GameSpot’s Year in Review
Here’s a great review of the Best of 2007:
A new year is a good time to try new things, and 2007 started with a wave of high-profile departures throughout the industry. New Year’s Eve revelers barely had time to recover from the festivities before
Microsoft confirmed that Tim and Chris Stamper, cofounders of Perfect Dark and Viva Pia00740061 developer Rare, were no longer with the company. The next day, news arrived that Human Head CEO Tim Gerritsen, project manager for Rune and producer for Prey, was leaving the company to pursue something new in the games industry (which wound up being Big Rooster
By mid-January, Take-Two Interactive acknowledged that Rockstar Games cofounder and managing director Terry Donovan had left the company, and longtime GameSpot editor-in-chief Greg Kasavin went to Electronic Arts’ Los Angeles studio, where he worked on the rejuvenated Command & Conquer series.
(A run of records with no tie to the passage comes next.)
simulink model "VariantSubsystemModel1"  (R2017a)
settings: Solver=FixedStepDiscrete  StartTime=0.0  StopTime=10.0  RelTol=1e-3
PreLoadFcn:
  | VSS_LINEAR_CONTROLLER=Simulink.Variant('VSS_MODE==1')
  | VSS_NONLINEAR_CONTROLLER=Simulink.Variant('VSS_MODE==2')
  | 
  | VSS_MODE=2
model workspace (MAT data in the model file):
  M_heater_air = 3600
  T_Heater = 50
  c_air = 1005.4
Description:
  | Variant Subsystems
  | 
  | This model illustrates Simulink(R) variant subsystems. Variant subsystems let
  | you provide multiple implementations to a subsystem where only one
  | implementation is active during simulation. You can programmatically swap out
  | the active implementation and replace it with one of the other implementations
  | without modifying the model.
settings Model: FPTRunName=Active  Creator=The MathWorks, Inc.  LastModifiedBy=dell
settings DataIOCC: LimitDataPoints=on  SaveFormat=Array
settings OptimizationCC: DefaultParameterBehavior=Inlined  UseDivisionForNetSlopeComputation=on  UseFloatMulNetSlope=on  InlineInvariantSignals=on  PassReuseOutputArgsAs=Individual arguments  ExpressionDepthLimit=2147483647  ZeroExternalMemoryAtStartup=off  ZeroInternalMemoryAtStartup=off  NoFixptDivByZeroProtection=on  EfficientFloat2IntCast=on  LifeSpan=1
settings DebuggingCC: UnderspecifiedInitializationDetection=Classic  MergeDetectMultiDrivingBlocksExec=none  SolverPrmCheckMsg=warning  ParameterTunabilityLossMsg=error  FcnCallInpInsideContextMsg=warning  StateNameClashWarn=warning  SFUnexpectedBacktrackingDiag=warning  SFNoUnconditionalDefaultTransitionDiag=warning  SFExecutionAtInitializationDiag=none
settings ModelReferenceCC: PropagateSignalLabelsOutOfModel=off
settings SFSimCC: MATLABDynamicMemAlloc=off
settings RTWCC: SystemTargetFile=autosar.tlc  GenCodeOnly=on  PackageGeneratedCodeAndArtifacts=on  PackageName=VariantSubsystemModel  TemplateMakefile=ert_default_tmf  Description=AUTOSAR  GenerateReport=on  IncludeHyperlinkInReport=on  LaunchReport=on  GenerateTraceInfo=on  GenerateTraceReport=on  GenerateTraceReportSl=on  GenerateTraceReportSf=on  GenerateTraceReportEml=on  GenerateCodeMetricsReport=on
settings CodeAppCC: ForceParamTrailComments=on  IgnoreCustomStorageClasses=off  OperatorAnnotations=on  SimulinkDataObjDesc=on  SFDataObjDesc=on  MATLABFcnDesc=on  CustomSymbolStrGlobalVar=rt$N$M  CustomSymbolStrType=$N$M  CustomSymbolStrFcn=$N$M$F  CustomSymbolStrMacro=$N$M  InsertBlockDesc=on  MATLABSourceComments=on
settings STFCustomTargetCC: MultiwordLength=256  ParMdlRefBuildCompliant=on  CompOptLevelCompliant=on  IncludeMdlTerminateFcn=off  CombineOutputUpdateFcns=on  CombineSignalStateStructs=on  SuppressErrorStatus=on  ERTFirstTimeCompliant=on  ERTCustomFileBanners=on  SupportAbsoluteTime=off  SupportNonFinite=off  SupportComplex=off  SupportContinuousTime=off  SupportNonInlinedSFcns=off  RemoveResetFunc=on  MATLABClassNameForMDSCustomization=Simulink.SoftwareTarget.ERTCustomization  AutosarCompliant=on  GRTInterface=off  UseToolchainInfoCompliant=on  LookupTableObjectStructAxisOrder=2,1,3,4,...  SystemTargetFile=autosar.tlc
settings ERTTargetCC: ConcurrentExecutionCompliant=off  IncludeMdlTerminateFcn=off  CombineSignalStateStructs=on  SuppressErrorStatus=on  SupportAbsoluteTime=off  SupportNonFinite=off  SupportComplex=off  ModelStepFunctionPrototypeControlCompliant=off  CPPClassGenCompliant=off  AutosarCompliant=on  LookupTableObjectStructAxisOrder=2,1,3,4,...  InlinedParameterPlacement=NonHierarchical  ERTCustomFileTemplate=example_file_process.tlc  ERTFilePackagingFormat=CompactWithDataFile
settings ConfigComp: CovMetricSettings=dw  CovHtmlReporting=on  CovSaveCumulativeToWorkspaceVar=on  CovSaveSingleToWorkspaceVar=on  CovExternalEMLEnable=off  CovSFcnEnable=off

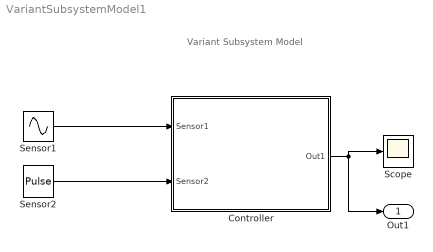
== system VariantSubsystemModel1 ==
  note: Variant Subsystem Model
  Controller : Subsystem  Variant=on
  Scope : Scope
  Sensor1 : Sin  SineType=Sample based  Amplitude=10  Bias=20  Frequency=0.5  SampleTime=1
  Sensor2 : DiscretePulseGenerator  Period=10  PulseWidth=5
  Out1 : Outport
  wires:
  Controller/1(Out1) -> Scope/1, Out1/1
  Sensor2/1 -> Controller/2(Sensor2)
  Sensor1/1 -> Controller/1(Sensor1)

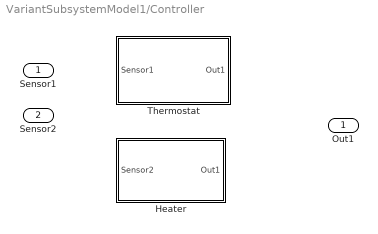
== system VariantSubsystemModel1/Controller ==
  Sensor1 : Inport
  Sensor2 : Inport  Port=2
  Heater : Subsystem  VariantControl=VSS_HEATER
  Thermostat : Subsystem  VariantControl=VSS_THERMOSTAT
  Out1 : Outport

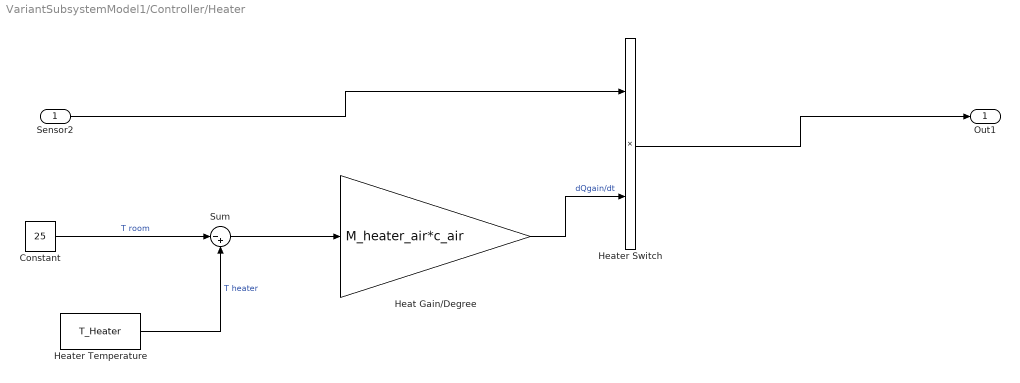
== system VariantSubsystemModel1/Controller/Heater ==
  Sensor2 : Inport
  Constant : Constant  Value=25
  Heat Gain/Degree : Gain  Gain=M_heater_air*c_air
  Heater Switch : Product
  Heater Temperature : Constant  Value=T_Heater
  Sum : Sum  Inputs=|-+
  Out1 : Outport
  wires:
  Constant/1 -> Sum/1  "T room"
  Heater Temperature/1 -> Sum/2  "T heater"
  Sum/1 -> Heat Gain/Degree/1
  Sensor2/1 -> Heater Switch/1
  Heat Gain/Degree/1 -> Heater Switch/2  "dQgain/dt"
  Heater Switch/1 -> Out1/1

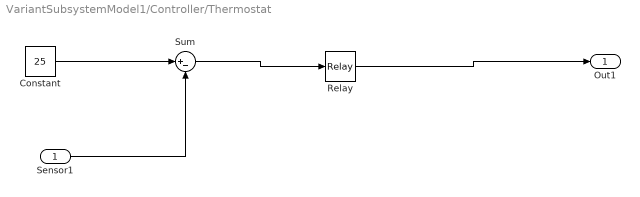
== system VariantSubsystemModel1/Controller/Thermostat ==
  "Sensor1 " : Inport
  Constant : Constant  Value=25
  Relay : Relay  OnSwitchValue=2  OffSwitchValue=-2
  Sum : Sum  Inputs=|+-
  "Out1 " : Outport
  wires:
  Constant/1 -> Sum/1
  "Sensor1 "/1 -> Sum/2
  Sum/1 -> Relay/1
  Relay/1 -> "Out1 "/1

January is also a big month for number crunchers because retail sales figures for the single biggest month of the year roll in and the NPD Group posts its annual industry recap. The group reported that 2006 was another record-breaking year for the US retail gaming industry, with sales growth practically across the board. The full-year take was $12.5 billion, and more than a quarter of that amount came in December alone.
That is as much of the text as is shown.